0

I am trying to predict a text field based on other text fields on predictionio. I used this guide for reference. I created a new app using

pio app new MyTextApp

and followed the guide upto evaluation using datasource provided in template. It was all okay upto evaluation. On evaluating data source I am getting error as pasted below.

[INFO] [CoreWorkflow$] runEvaluation started
[WARN] [Utils] Your hostname, my-ThinkCentre-Edge72 resolves to a  loopback address: 127.0.0.1; using 192.168.65.27 instead (on interface eth0)
[WARN] [Utils] Set SPARK_LOCAL_IP if you need to bind to another address
[INFO] [Remoting] Starting remoting
[INFO] [Remoting] Remoting started; listening on addresses  :[akka.tcp://sparkDriver@192.168.65.27:59649]
[INFO] [CoreWorkflow$] Starting evaluation instance ID: AU29p8j3Fkwdnkfum_ke
[INFO] [Engine$] DataSource: org.template.textclassification.DataSource@faea4da
[INFO] [Engine$] Preparator: org.template.textclassification.Preparator@69f2cb04
[INFO] [Engine$] AlgorithmList: List(org.template.textclassification.NBAlgorithm@45292ec1)
[INFO] [Engine$] Serving: org.template.textclassification.Serving@1ad9b8d3
Exception in thread "main" java.lang.UnsupportedOperationException: empty.maxBy
at scala.collection.TraversableOnce$class.maxBy(TraversableOnce.scala:223)
at scala.collection.AbstractTraversable.maxBy(Traversable.scala:105)
at org.template.textclassification.PreparedData.<init>(Preparator.scala:152)
at org.template.textclassification.Preparator.prepare(Preparator.scala:38)
at org.template.textclassification.Preparator.prepare(Preparator.scala:34)

Do I have to edit any config files to make this work?

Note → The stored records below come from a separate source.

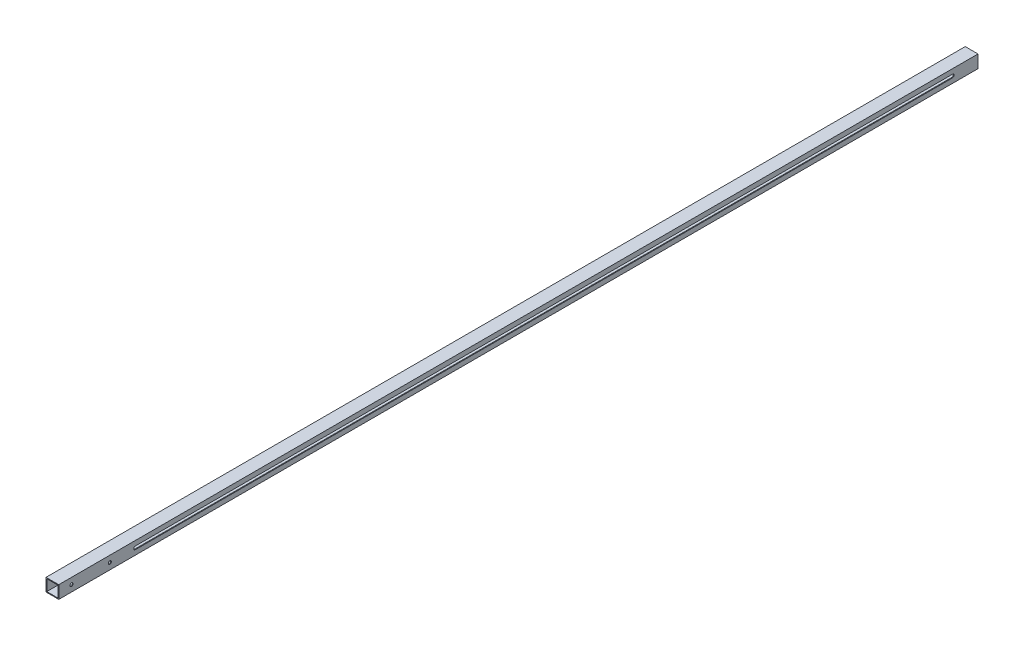
ISO-10303-21;
HEADER;
FILE_DESCRIPTION(('STEP AP214'),'2;1');
FILE_NAME('part.step','',(''),(''),'','','');
FILE_SCHEMA(('AUTOMOTIVE_DESIGN { 1 0 10303 214 1 1 1 1 }'));
ENDSEC;
DATA;
#1=APPLICATION_CONTEXT('core data for automotive mechanical design processes');
#2=APPLICATION_PROTOCOL_DEFINITION('international standard','automotive_design',2000,#1);
#3=PRODUCT_CONTEXT('',#1,'mechanical');
#4=PRODUCT('Part','Part','',(#3));
#5=PRODUCT_RELATED_PRODUCT_CATEGORY('part','',(#4));
#6=PRODUCT_DEFINITION_FORMATION('','',#4);
#7=PRODUCT_DEFINITION_CONTEXT('part definition',#1,'design');
#8=PRODUCT_DEFINITION('design','',#6,#7);
#9=PRODUCT_DEFINITION_SHAPE('','',#8);
#10=(LENGTH_UNIT() NAMED_UNIT(*) SI_UNIT(.MILLI.,.METRE.));
#11=(NAMED_UNIT(*) PLANE_ANGLE_UNIT() SI_UNIT($,.RADIAN.));
#12=(NAMED_UNIT(*) SI_UNIT($,.STERADIAN.) SOLID_ANGLE_UNIT());
#13=UNCERTAINTY_MEASURE_WITH_UNIT(LENGTH_MEASURE(1.E-05),#10,'distance_accuracy_value','');
#14=(GEOMETRIC_REPRESENTATION_CONTEXT(3) GLOBAL_UNCERTAINTY_ASSIGNED_CONTEXT((#13)) GLOBAL_UNIT_ASSIGNED_CONTEXT((#10,
#11,#12)) REPRESENTATION_CONTEXT('',''));
#15=CARTESIAN_POINT('',(0.,0.,0.));
#16=DIRECTION('',(0.,0.,1.));
#17=DIRECTION('',(1.,0.,0.));
#18=AXIS2_PLACEMENT_3D('',#15,#16,#17);
#19=CARTESIAN_POINT('',(0.,0.,1828.8));
#20=DIRECTION('',(0.,0.,1.));
#21=DIRECTION('',(1.,0.,0.));
#22=AXIS2_PLACEMENT_3D('',#19,#20,#21);
#23=PLANE('',#22);
#24=DIRECTION('',(0.,1.,0.));
#25=VECTOR('',#24,1.);
#26=CARTESIAN_POINT('',(12.7,12.7,1828.8));
#27=LINE('',#26,#25);
#28=CARTESIAN_POINT('',(12.7,-12.7,1828.8));
#29=VERTEX_POINT('',#28);
#30=CARTESIAN_POINT('',(12.7,12.7,1828.8));
#31=VERTEX_POINT('',#30);
#32=EDGE_CURVE('E253',#29,#31,#27,.T.);
#33=ORIENTED_EDGE('',*,*,#32,.T.);
#34=DIRECTION('',(-1.,0.,0.));
#35=VECTOR('',#34,1.);
#36=CARTESIAN_POINT('',(-12.7,12.7,1828.8));
#37=LINE('',#36,#35);
#38=CARTESIAN_POINT('',(-12.7,12.7,1828.8));
#39=VERTEX_POINT('',#38);
#40=EDGE_CURVE('E256',#31,#39,#37,.T.);
#41=ORIENTED_EDGE('',*,*,#40,.T.);
#42=DIRECTION('',(0.,-1.,0.));
#43=VECTOR('',#42,1.);
#44=CARTESIAN_POINT('',(-12.7,12.7,1828.8));
#45=LINE('',#44,#43);
#46=CARTESIAN_POINT('',(-12.7,-12.7,1828.8));
#47=VERTEX_POINT('',#46);
#48=EDGE_CURVE('E259',#39,#47,#45,.T.);
#49=ORIENTED_EDGE('',*,*,#48,.T.);
#50=DIRECTION('',(1.,0.,0.));
#51=VECTOR('',#50,1.);
#52=CARTESIAN_POINT('',(-12.7,-12.7,1828.8));
#53=LINE('',#52,#51);
#54=EDGE_CURVE('E261',#47,#29,#53,.T.);
#55=ORIENTED_EDGE('',*,*,#54,.T.);
#56=EDGE_LOOP('',(#33,#41,#49,#55));
#57=FACE_BOUND('',#56,.T.);
#58=DIRECTION('',(-1.,0.,0.));
#59=VECTOR('',#58,1.);
#60=CARTESIAN_POINT('',(-11.1125,11.1125,1828.8));
#61=LINE('',#60,#59);
#62=CARTESIAN_POINT('',(11.1125,11.1125,1828.8));
#63=VERTEX_POINT('',#62);
#64=CARTESIAN_POINT('',(-11.1125,11.1125,1828.8));
#65=VERTEX_POINT('',#64);
#66=EDGE_CURVE('E224',#63,#65,#61,.T.);
#67=ORIENTED_EDGE('',*,*,#66,.F.);
#68=DIRECTION('',(0.,1.,0.));
#69=VECTOR('',#68,1.);
#70=CARTESIAN_POINT('',(11.1125,11.1125,1828.8));
#71=LINE('',#70,#69);
#72=CARTESIAN_POINT('',(11.1125,-11.1125,1828.8));
#73=VERTEX_POINT('',#72);
#74=EDGE_CURVE('E222',#73,#63,#71,.T.);
#75=ORIENTED_EDGE('',*,*,#74,.F.);
#76=DIRECTION('',(1.,0.,0.));
#77=VECTOR('',#76,1.);
#78=CARTESIAN_POINT('',(-11.1125,-11.1125,1828.8));
#79=LINE('',#78,#77);
#80=CARTESIAN_POINT('',(-11.1125,-11.1125,1828.8));
#81=VERTEX_POINT('',#80);
#82=EDGE_CURVE('E230',#81,#73,#79,.T.);
#83=ORIENTED_EDGE('',*,*,#82,.F.);
#84=DIRECTION('',(0.,-1.,0.));
#85=VECTOR('',#84,1.);
#86=CARTESIAN_POINT('',(-11.1125,11.1125,1828.8));
#87=LINE('',#86,#85);
#88=EDGE_CURVE('E227',#65,#81,#87,.T.);
#89=ORIENTED_EDGE('',*,*,#88,.F.);
#90=EDGE_LOOP('',(#67,#75,#83,#89));
#91=FACE_BOUND('',#90,.T.);
#92=ADVANCED_FACE('F33',(#57,#91),#23,.T.);
#93=CARTESIAN_POINT('',(0.,0.,0.));
#94=DIRECTION('',(0.,0.,1.));
#95=DIRECTION('',(1.,0.,0.));
#96=AXIS2_PLACEMENT_3D('',#93,#94,#95);
#97=PLANE('',#96);
#98=DIRECTION('',(0.,1.,0.));
#99=VECTOR('',#98,1.);
#100=CARTESIAN_POINT('',(12.7,12.7,0.));
#101=LINE('',#100,#99);
#102=CARTESIAN_POINT('',(12.7,-12.7,0.));
#103=VERTEX_POINT('',#102);
#104=CARTESIAN_POINT('',(12.7,12.7,0.));
#105=VERTEX_POINT('',#104);
#106=EDGE_CURVE('E252',#103,#105,#101,.T.);
#107=ORIENTED_EDGE('',*,*,#106,.F.);
#108=DIRECTION('',(1.,0.,0.));
#109=VECTOR('',#108,1.);
#110=CARTESIAN_POINT('',(-12.7,-12.7,0.));
#111=LINE('',#110,#109);
#112=CARTESIAN_POINT('',(-12.7,-12.7,0.));
#113=VERTEX_POINT('',#112);
#114=EDGE_CURVE('E257',#113,#103,#111,.T.);
#115=ORIENTED_EDGE('',*,*,#114,.F.);
#116=DIRECTION('',(0.,-1.,0.));
#117=VECTOR('',#116,1.);
#118=CARTESIAN_POINT('',(-12.7,12.7,0.));
#119=LINE('',#118,#117);
#120=CARTESIAN_POINT('',(-12.7,12.7,0.));
#121=VERTEX_POINT('',#120);
#122=EDGE_CURVE('E268',#121,#113,#119,.T.);
#123=ORIENTED_EDGE('',*,*,#122,.F.);
#124=DIRECTION('',(-1.,0.,0.));
#125=VECTOR('',#124,1.);
#126=CARTESIAN_POINT('',(-12.7,12.7,0.));
#127=LINE('',#126,#125);
#128=EDGE_CURVE('E266',#105,#121,#127,.T.);
#129=ORIENTED_EDGE('',*,*,#128,.F.);
#130=EDGE_LOOP('',(#107,#115,#123,#129));
#131=FACE_BOUND('',#130,.T.);
#132=DIRECTION('',(0.,1.,0.));
#133=VECTOR('',#132,1.);
#134=CARTESIAN_POINT('',(11.1125,11.1125,0.));
#135=LINE('',#134,#133);
#136=CARTESIAN_POINT('',(11.1125,-11.1125,0.));
#137=VERTEX_POINT('',#136);
#138=CARTESIAN_POINT('',(11.1125,11.1125,0.));
#139=VERTEX_POINT('',#138);
#140=EDGE_CURVE('E221',#137,#139,#135,.T.);
#141=ORIENTED_EDGE('',*,*,#140,.T.);
#142=DIRECTION('',(-1.,0.,0.));
#143=VECTOR('',#142,1.);
#144=CARTESIAN_POINT('',(-11.1125,11.1125,0.));
#145=LINE('',#144,#143);
#146=CARTESIAN_POINT('',(-11.1125,11.1125,0.));
#147=VERTEX_POINT('',#146);
#148=EDGE_CURVE('E235',#139,#147,#145,.T.);
#149=ORIENTED_EDGE('',*,*,#148,.T.);
#150=DIRECTION('',(0.,-1.,0.));
#151=VECTOR('',#150,1.);
#152=CARTESIAN_POINT('',(-11.1125,11.1125,0.));
#153=LINE('',#152,#151);
#154=CARTESIAN_POINT('',(-11.1125,-11.1125,0.));
#155=VERTEX_POINT('',#154);
#156=EDGE_CURVE('E238',#147,#155,#153,.T.);
#157=ORIENTED_EDGE('',*,*,#156,.T.);
#158=DIRECTION('',(1.,0.,0.));
#159=VECTOR('',#158,1.);
#160=CARTESIAN_POINT('',(-11.1125,-11.1125,0.));
#161=LINE('',#160,#159);
#162=EDGE_CURVE('E225',#155,#137,#161,.T.);
#163=ORIENTED_EDGE('',*,*,#162,.T.);
#164=EDGE_LOOP('',(#141,#149,#157,#163));
#165=FACE_BOUND('',#164,.T.);
#166=ADVANCED_FACE('F312',(#131,#165),#97,.F.);
#167=CARTESIAN_POINT('',(12.7,12.7,1828.8));
#168=DIRECTION('',(-1.,0.,0.));
#169=DIRECTION('',(0.,-1.,0.));
#170=AXIS2_PLACEMENT_3D('',#167,#168,#169);
#171=PLANE('',#170);
#172=DIRECTION('',(0.,0.,-1.));
#173=VECTOR('',#172,1.);
#174=CARTESIAN_POINT('',(12.7,-3.175,1676.4));
#175=LINE('',#174,#173);
#176=CARTESIAN_POINT('',(12.7,-3.175,1676.4));
#177=VERTEX_POINT('',#176);
#178=CARTESIAN_POINT('',(12.7,-3.175,50.8));
#179=VERTEX_POINT('',#178);
#180=EDGE_CURVE('E179',#177,#179,#175,.T.);
#181=ORIENTED_EDGE('',*,*,#180,.F.);
#182=CARTESIAN_POINT('',(12.7,0.,1676.4));
#183=DIRECTION('',(1.,0.,0.));
#184=DIRECTION('',(0.,1.,0.));
#185=AXIS2_PLACEMENT_3D('',#182,#183,#184);
#186=CIRCLE('',#185,3.175);
#187=CARTESIAN_POINT('',(12.7,3.175,1676.4));
#188=VERTEX_POINT('',#187);
#189=EDGE_CURVE('E48',#188,#177,#186,.T.);
#190=ORIENTED_EDGE('',*,*,#189,.F.);
#191=DIRECTION('',(0.,0.,1.));
#192=VECTOR('',#191,1.);
#193=CARTESIAN_POINT('',(12.7,3.175,1676.4));
#194=LINE('',#193,#192);
#195=CARTESIAN_POINT('',(12.7,3.175,50.8));
#196=VERTEX_POINT('',#195);
#197=EDGE_CURVE('E170',#196,#188,#194,.T.);
#198=ORIENTED_EDGE('',*,*,#197,.F.);
#199=CARTESIAN_POINT('',(12.7,0.,50.8));
#200=DIRECTION('',(1.,0.,0.));
#201=DIRECTION('',(0.,1.,0.));
#202=AXIS2_PLACEMENT_3D('',#199,#200,#201);
#203=CIRCLE('',#202,3.175);
#204=EDGE_CURVE('E173',#179,#196,#203,.T.);
#205=ORIENTED_EDGE('',*,*,#204,.F.);
#206=EDGE_LOOP('',(#181,#190,#198,#205));
#207=FACE_BOUND('',#206,.T.);
#208=CARTESIAN_POINT('',(12.7,0.,1803.4));
#209=DIRECTION('',(1.,0.,0.));
#210=DIRECTION('',(0.,1.,0.));
#211=AXIS2_PLACEMENT_3D('',#208,#209,#210);
#212=CIRCLE('',#211,3.17499999999986);
#213=CARTESIAN_POINT('',(12.7,3.17499999999986,1803.4));
#214=VERTEX_POINT('',#213);
#215=EDGE_CURVE('E201',#214,#214,#212,.T.);
#216=ORIENTED_EDGE('',*,*,#215,.F.);
#217=EDGE_LOOP('',(#216));
#218=FACE_BOUND('',#217,.T.);
#219=CARTESIAN_POINT('',(12.7,0.,1727.2));
#220=DIRECTION('',(1.,0.,0.));
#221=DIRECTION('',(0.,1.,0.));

I have successfully ran tests on movielens data.

cutteeth
  • 2,148
  • 3
  • 25
  • 45

1 Answers1

3

So this particular error message occurs when your data isn't getting read properly through the DataSource class. If you're using a different text data set, then make sure that you are correctly reflecting any changes to the eventNames, entityType, and respective property field names in the readEventData method.

The maxBy method is used to pull the class with the highest number of observations. If the category to label Map is empty, it means that there are no classes being recorded, which essentially tells you have no data being fed in.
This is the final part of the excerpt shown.